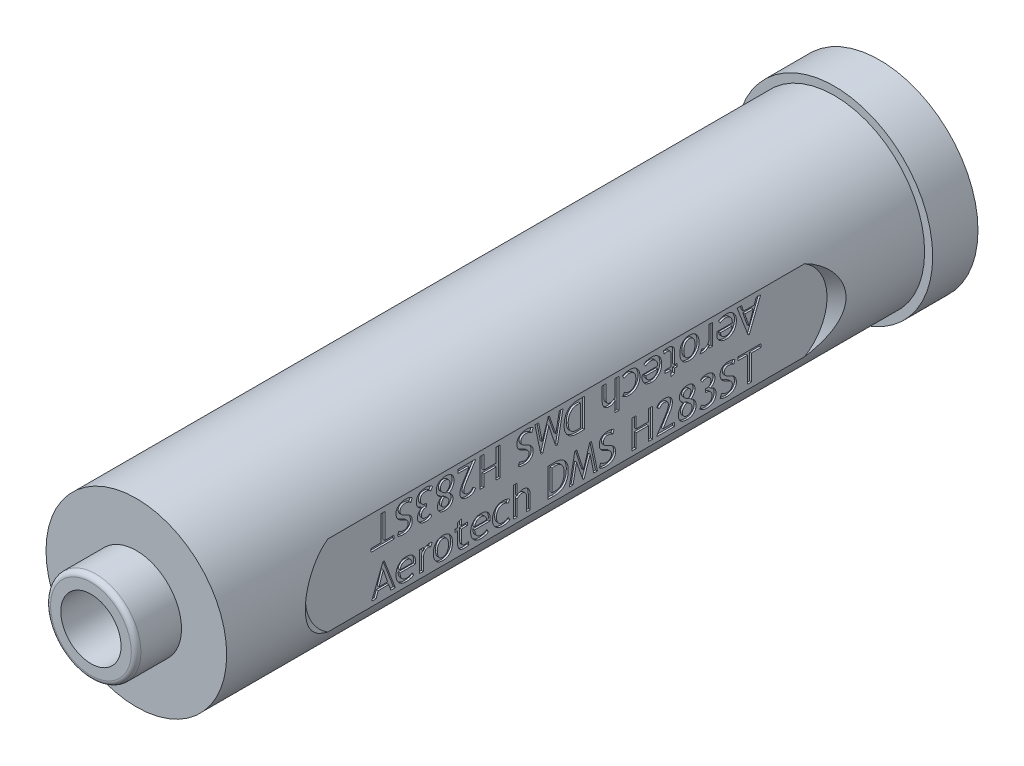
SolidWorks part; units mm, degrees
ref_plane "Front Plane" through (0, 0, 0) normal (0, 0, 1) x (1, 0, 0)
ref_plane "Top Plane" through (0, 0, 0) normal (0, 1, 0) x (1, 0, 0)
ref_plane "Right Plane" through (0, 0, 0) normal (1, 0, 0) x (0, 0, -1)
sketch "Sketch1" plane through (0, 0, 0) normal (0, 0, 1) x (1, 0, 0)
  circle A0 centre (0, 0) radius 19.05
  dimension "D1" = 38.1
extrude "Boss-Extrude1" add sketch "Sketch1" along normal blind 156.718
sketch "Sketch2" plane through (0, 0, 0) normal (0, 0, 1) x (1, 0, 0)
  circle A0 centre (0, 0) radius 20.7518
  dimension "D1" = 41.5036
extrude "Boss-Extrude2" add sketch "Sketch2" along normal blind 9.5504
sketch "Sketch3" plane through (0, 0, 156.718) normal (0, 0, 1) x (1, 0, 0)
  circle A0 centre (0, 0) radius 9.525
  dimension "D1" = 19.05
extrude "Boss-Extrude3" add sketch "Sketch3" along normal blind 9.5758
fillet "Fillet1" radius 1.016 1 edges at (9.525, 0, 166.2938)
sketch "Sketch4" plane through (0, 0, 166.2938) normal (0, 0, 1) x (1, 0, 0)
  circle A0 centre (0, 0) radius 6.35
  dimension "D1" = 12.7
extrude "Cut-Extrude1" cut sketch "Sketch4" against normal blind 18.796
sketch "Sketch5" plane through (0, 0, 0) normal (1, 0, 0) x (0, 0, -1)
  line L0 (-36.0433, 0) -> (-178.1026, 0) construction
  line L1 (0, 0) -> (0, 8.763)
  line L2 (0, 8.763) -> (-14.9301, 4.7625)
  line L3 (-14.9301, 4.7625) -> (-21.3995, 4.7625)
  line L4 (-21.3995, 4.7625) -> (-22.1996, 5.5626)
  line L5 (-22.1996, 5.5626) -> (-123.4694, 5.5626)
  line L6 (-123.4694, 5.5626) -> (-123.4694, 0)
  line L7 (-123.4694, 0) -> (0, 0)
  line L8 (0, -20.7518) -> (0, 20.7518) construction
  line L9 (-22.1996, 5.5626) -> (-24.638, 8.001) construction
  dimension "D1" = 17.526
  dimension "D2" = 9.525
  dimension "D3" = 11.1252
  dimension "D4" = 45
  dimension "D5" = 15
  dimension "D6" = 24.638
  dimension "D7" = 16.002
  dimension "D8" = 123.4694
revolve "Cut-Revolve1" cut sketch "Sketch5" angle 360 about L0
ref_plane "Plane5" through (19.05, 0, 0) normal (1, 0, 0) x (0, 0, -1)
sketch "Sketch18" plane through (19.05, 0, 0) normal (1, 0, 0) x (0, 0, -1)
  line L0 (-128.1342, 0) -> (-38.1342, 0) construction
  line L1 (-128.1342, 12) -> (-38.1342, 12)
  line L2 (-128.1342, -12) -> (-38.1342, -12)
  line L3 (-156.718, 0) -> (-9.5504, 0) construction
  line L4 (-156.718, 19.05) -> (-156.718, -19.05) construction
  line L5 (-9.5504, 19.05) -> (-9.5504, -19.05) construction
  arc A0 (-128.1342, 12) -> (-128.1342, -12) centre (-128.1342, 0) ccw
  arc A1 (-38.1342, -12) -> (-38.1342, 12) centre (-38.1342, 0) ccw
  point P2 (-83.1342, 0)
  point P10 (0, 0)
  point P14 (0, 0)
  point P16 (0, 0)
  point P17 (0, 0)
  dimension "D2" = 90
  dimension "D1" = 24
extrude "Cut-Extrude2" cut sketch "Sketch18" against normal blind 2 draft 45
sketch "Sketch19" plane through (17.05, 0, 0) normal (1, 0, 0) x (0, 0, -1)
  line L0 (-138.1342, 0) -> (-28.1342, 0) construction
  line L1 (-134.7486, -7.5) -> (-31.5198, -7.5) construction
  line L2 (-134.7486, 7.5) -> (-31.5198, 7.5) construction
  line L3 (-83.1342, 7.5) -> (-83.1342, -7.5) construction
  arc A0 (-133.4068, 8.4971) -> (-133.4068, -8.4971) centre (-128.1342, 0) ccw construction
  arc A1 (-32.8616, -8.4971) -> (-32.8616, 8.4971) centre (-38.1342, 0) ccw construction
  text T0 "Aerotech DMS H283ST" font "Trebuchet MS" height 6
  text T1 "Aerotech DMS H283ST" font "Trebuchet MS" height 6
  point P14 (-83.1342, 0)
  dimension "D1" = 15
extrude "Cut-Extrude4" cut sketch "Sketch19" against normal blind 0.4
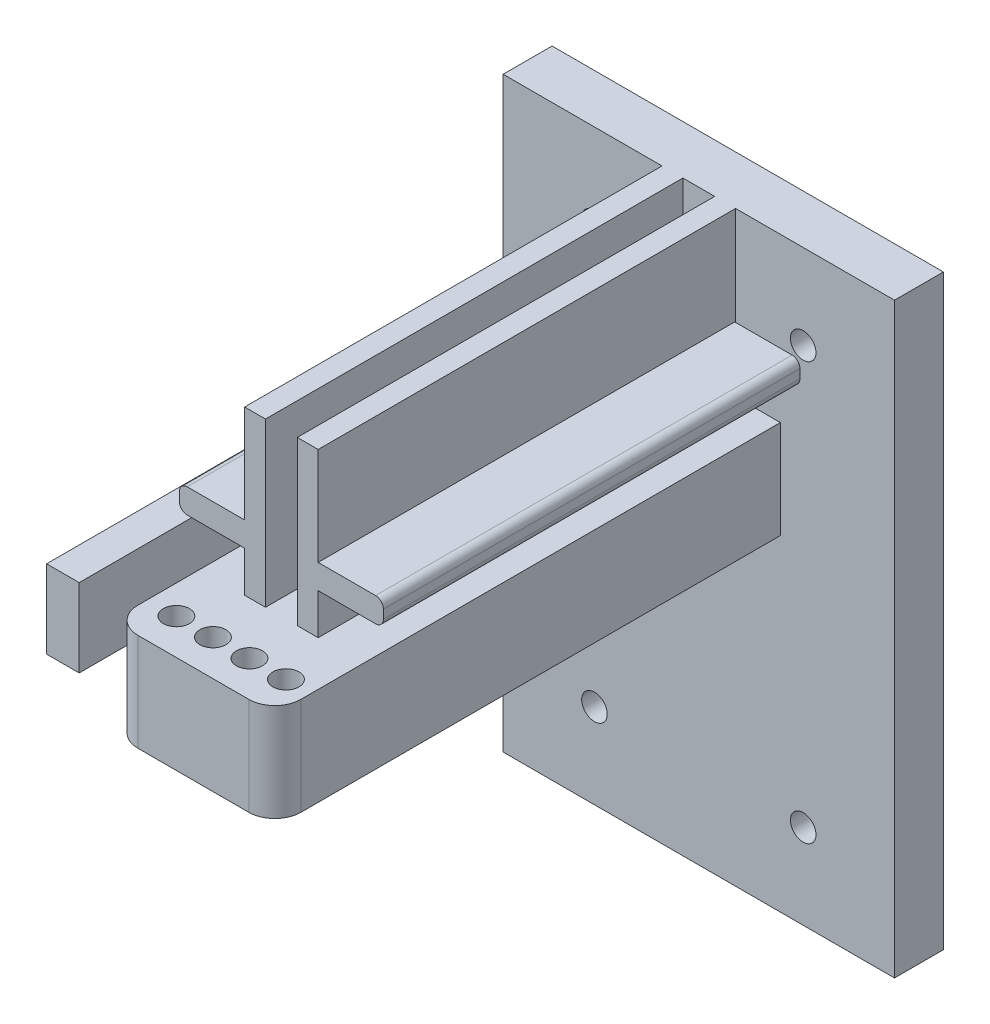
SolidWorks part; units mm, degrees
ref_plane "Front Plane" through (0, 0, 0) normal (0, 0, 1) x (1, 0, 0)
ref_plane "Top Plane" through (0, 0, 0) normal (0, 1, 0) x (1, 0, 0)
ref_plane "Right Plane" through (0, 0, 0) normal (1, 0, 0) x (0, 0, -1)
sketch "Sketch1" plane through (0, 0, 0) normal (0, 0, 1) x (1, 0, 0)
  line L1 (-19.05, -28.575) -> (19.05, -28.575)
  line L2 (-19.05, -28.575) -> (-19.05, 28.575)
  line L3 (-19.05, 28.575) -> (19.05, 28.575)
  line L4 (19.05, -28.575) -> (19.05, 28.575)
  line L5 (-19.05, -28.575) -> (19.05, 28.575) construction
  line L6 (-19.05, 28.575) -> (19.05, -28.575) construction
  point P0 (0, 0)
  dimension "D1" = 38.1
  dimension "D2" = 57.15
extrude "Boss-Extrude1" add sketch "Sketch1" along normal blind 4.7625
sketch "Sketch2" plane through (0, 0, 0) normal (0, 0, 1) x (1, 0, 0)
  line L0 (0, 0) -> (19.05, 0) construction
  line L7 (19.05, -28.575) -> (19.05, 28.575) construction
  line L9 (19.05, 28.575) -> (-19.05, 28.575) construction
  line L10 (0, 0) -> (0, 28.575) construction
  circle A4 centre (10.16, 20.32) radius 1.2446
  circle A5 centre (-10.16, 20.32) radius 1.2446
  circle A6 centre (10.16, -20.32) radius 1.2446
  circle A7 centre (-10.16, -20.32) radius 1.2446
  point P0 (0, 0)
  dimension "D1" = 10.16
  dimension "D2" = 2.4892
  dimension "D5" = 20.32
extrude "Cut-Extrude1" cut sketch "Sketch2" along normal blind 4.7625
sketch "Sketch4" plane through (0, 0, 4.7625) normal (0, 0, 1) x (1, 0, 0)
  line L0 (0, -28.575) -> (0, 28.575) construction
  line L1 (-19.05, -28.575) -> (19.05, -28.575) construction
  line L2 (19.05, 28.575) -> (-19.05, 28.575) construction
  line L3 (-19.05, 0) -> (19.05, 0) construction
  line L4 (-19.05, 28.575) -> (-19.05, -28.575) construction
  line L5 (19.05, -28.575) -> (19.05, 28.575) construction
  line L6 (-19.05, 3.175) -> (19.05, 3.175) construction
  line L7 (-7.9375, 3.175) -> (7.9375, 3.175)
  line L8 (-41.275, -41.275) -> (41.275, -41.275) construction
  line L9 (-41.275, -41.275) -> (-41.275, 41.275) construction
  line L10 (-41.275, 41.275) -> (41.275, 41.275) construction
  line L11 (41.275, -41.275) -> (41.275, 41.275) construction
  line L12 (-41.275, -41.275) -> (41.275, 41.275) construction
  line L13 (-41.275, 41.275) -> (41.275, -41.275) construction
  line L14 (-7.9375, 3.175) -> (-7.9375, 12.7)
  line L15 (7.9375, 3.175) -> (7.9375, 12.7)
  line L16 (-7.9375, 12.7) -> (7.9375, 12.7)
  point P14 (0, 0)
  point P23 (0, 12.7)
  dimension "D1" = 82.55
  dimension "D2" = 82.55
  dimension "D3" = 44.45
  dimension "D4" = 15.875
  dimension "D5" = 9.525
extrude "Boss-Extrude2" add sketch "Sketch4" along normal blind 49.2125
sketch "Sketch5" plane through (0, 12.7, 0) normal (0, 1, 0) x (1, 0, 0)
  line L0 (0, -4.7625) -> (0, -43.4412) construction
  line L1 (7.9375, -4.7625) -> (-7.9375, -4.7625) construction
  line L2 (7.9375, -53.975) -> (-7.9375, -53.975) construction
  line L3 (-7.9375, -42.8625) -> (-6.4135, -42.8625) construction
  line L4 (-7.9375, -53.975) -> (-7.9375, -4.7625) construction
  line L5 (7.9375, -53.975) -> (7.9375, -4.7625) construction
  line L6 (0, -42.8625) -> (0, -53.975) construction
  line L7 (0, -42.8625) -> (0, -53.975) construction
  line L8 (-3.8735, -42.8625) -> (7.9375, -42.8625) construction
  circle A4 centre (-5.1435, -50.4825) radius 1.27
  circle A14 centre (-1.5875, -50.4825) radius 1.27
  circle A16 centre (1.9685, -50.4825) radius 1.27
  circle A18 centre (5.5245, -50.4825) radius 1.27
  dimension "D2" = 5.1435
  dimension "D1" = 38.1
  dimension "D3" = 45.72
  dimension "D5" = 4
extrude "Cut-Extrude2" cut sketch "Sketch5" against normal up to next
fillet "Fillet2" radius 2.54 2 edges at (-7.9375, 7.9375, 53.975) (7.9375, 7.9375, 53.975)
ref_plane "Plane1" through (0, 0, 0) normal (-1, 0, 0) x (0, 0, 1)
sketch "Sketch8" plane through (0, 0, 4.7625) normal (0, 0, 1) x (1, 0, 0)
  line L0 (0, 28.575) -> (0, 12.7) construction
  line L1 (19.05, 28.575) -> (-19.05, 28.575) construction
  line L2 (7.9375, 12.7) -> (-7.9375, 12.7) construction
  line L3 (-4.572, 25.4) -> (4.572, 25.4) construction
  line L5 (-3.5801, 12.7) -> (-1.5481, 12.7)
  line L6 (-4.572, 25.4) -> (4.572, 25.4) construction
  line L7 (-4.572, 25.4) -> (-4.572, 12.7) construction
  line L8 (-4.572, 12.7) -> (4.572, 12.7) construction
  line L9 (4.572, 25.4) -> (4.572, 12.7) construction
  line L10 (-4.572, 25.4) -> (4.572, 12.7) construction
  line L11 (-4.572, 12.7) -> (4.572, 25.4) construction
  line L12 (-3.5801, 12.7) -> (-3.5801, 28.575)
  line L13 (-1.5481, 12.7) -> (-1.5481, 28.575)
  line L14 (-3.5801, 28.575) -> (-1.5481, 28.575)
  line L15 (3.5801, 12.7) -> (1.5481, 12.7)
  line L16 (3.5801, 12.7) -> (3.5801, 28.575)
  line L17 (3.5801, 28.575) -> (1.5481, 28.575)
  line L18 (1.5481, 12.7) -> (1.5481, 28.575)
  point P9 (0, 25.4)
  point P13 (0, 19.05)
  dimension "D1" = 9.144
  dimension "D3" = 1.9837
  dimension "D4" = 2.032
extrude "Boss-Extrude4" add sketch "Sketch8" along normal blind 40.64
sketch "Sketch9" plane through (-3.5801, 0, 0) normal (-1, 0, 0) x (0, 0, 1)
  line L0 (45.4025, 16.6687) -> (4.8502, 16.6687) construction
  line L1 (45.4025, 28.575) -> (45.4025, 12.7) construction
  line L2 (45.4025, 12.7) -> (4.7625, 12.7) construction
  line L3 (4.8502, 16.6687) -> (45.4025, 16.6687)
  line L4 (4.8502, 16.6687) -> (4.8502, 19.05)
  line L5 (45.4025, 16.6687) -> (45.4025, 19.05)
  line L6 (4.8502, 19.05) -> (45.4025, 19.05)
  dimension "D1" = 3.9688
  dimension "D2" = 2.3813
extrude "Boss-Extrude5" add sketch "Sketch9" along normal blind 6.35
fillet "Fillet4" radius 0.762 2 edges at (-9.9301, 16.6687, 25.1264) (-9.9301, 19.05, 25.1264)
mirror "Mirror2" about plane through (0, 0, 0) normal (-1, 0, 0) of "Boss-Extrude5", "Fillet4"
sketch "Sketch10" plane through (0, 0, 0) normal (0, 0, 1) x (1, 0, 0)
  line L0 (-34.925, -17.145) -> (-38.1, -17.145)
  line L1 (-41.275, -41.275) -> (41.275, -41.275) construction
  line L2 (-41.275, -41.275) -> (-41.275, 41.275) construction
  line L3 (-41.275, 41.275) -> (41.275, 41.275) construction
  line L4 (41.275, -41.275) -> (41.275, 41.275) construction
  line L5 (-41.275, -41.275) -> (41.275, 41.275) construction
  line L6 (-41.275, 41.275) -> (41.275, -41.275) construction
  line L7 (-19.05, -28.575) -> (-19.05, -9.525)
  line L8 (-19.05, 28.575) -> (-19.05, -28.575) construction
  line L9 (-19.05, -9.525) -> (-38.1, -9.525)
  line L10 (-38.1, -9.525) -> (-34.925, -9.525)
  line L11 (-38.1, -9.525) -> (-38.1, -17.145)
  line L15 (-34.925, -9.525) -> (-19.05, -9.525)
  line L17 (-34.925, -17.145) -> (-19.05, -17.145)
  line L18 (-19.05, -9.525) -> (-19.05, -17.145)
  line L19 (-34.925, -9.525) -> (-19.05, -17.145) construction
  line L20 (-34.925, -17.145) -> (-19.05, -9.525) construction
  point P0 (0, 0)
  point P17 (-26.9875, -13.335)
  dimension "D1" = 82.55
  dimension "D2" = 82.55
  dimension "D3" = 19.05
  dimension "D4" = 19.05
  dimension "D5" = 7.62
extrude "Boss-Extrude6" add sketch "Sketch10" along normal up to surface (4.7625 mm away) contours L0 L17 L7 L9 L11 region at (-28.575, -13.335, 0) up to face at (-8.9154, 20.32, 4.7625)
sketch "Sketch11" plane through (0, 0, 4.7625) normal (0, 0, 1) x (1, 0, 0)
  line L0 (-38.1, -17.145) -> (-19.05, -17.145) construction
  line L1 (-38.1, -9.525) -> (-34.925, -9.525)
  line L2 (-38.1, -9.525) -> (-38.1, -17.145)
  line L3 (-38.1, -17.145) -> (-34.925, -17.145)
  line L4 (-34.925, -9.525) -> (-34.925, -17.145)
  line L5 (-38.1, -9.525) -> (-34.925, -17.145) construction
  line L6 (-38.1, -17.145) -> (-34.925, -9.525) construction
  point P4 (-36.5125, -13.335)
  dimension "D1" = 3.175
extrude "Boss-Extrude7" add sketch "Sketch11" along normal blind 25.4
####################
Task to carry out: Beginning at the line above that contains "line L1 (19.05, 28.575)", return each line exactly through the line that contains "line L8 (-4.572, 12.7)", and no others.

Task result:
  line L1 (19.05, 28.575) -> (-19.05, 28.575) construction
  line L2 (7.9375, 12.7) -> (-7.9375, 12.7) construction
  line L3 (-4.572, 25.4) -> (4.572, 25.4) construction
  line L5 (-3.5801, 12.7) -> (-1.5481, 12.7)
  line L6 (-4.572, 25.4) -> (4.572, 25.4) construction
  line L7 (-4.572, 25.4) -> (-4.572, 12.7) construction
  line L8 (-4.572, 12.7) -> (4.572, 12.7) construction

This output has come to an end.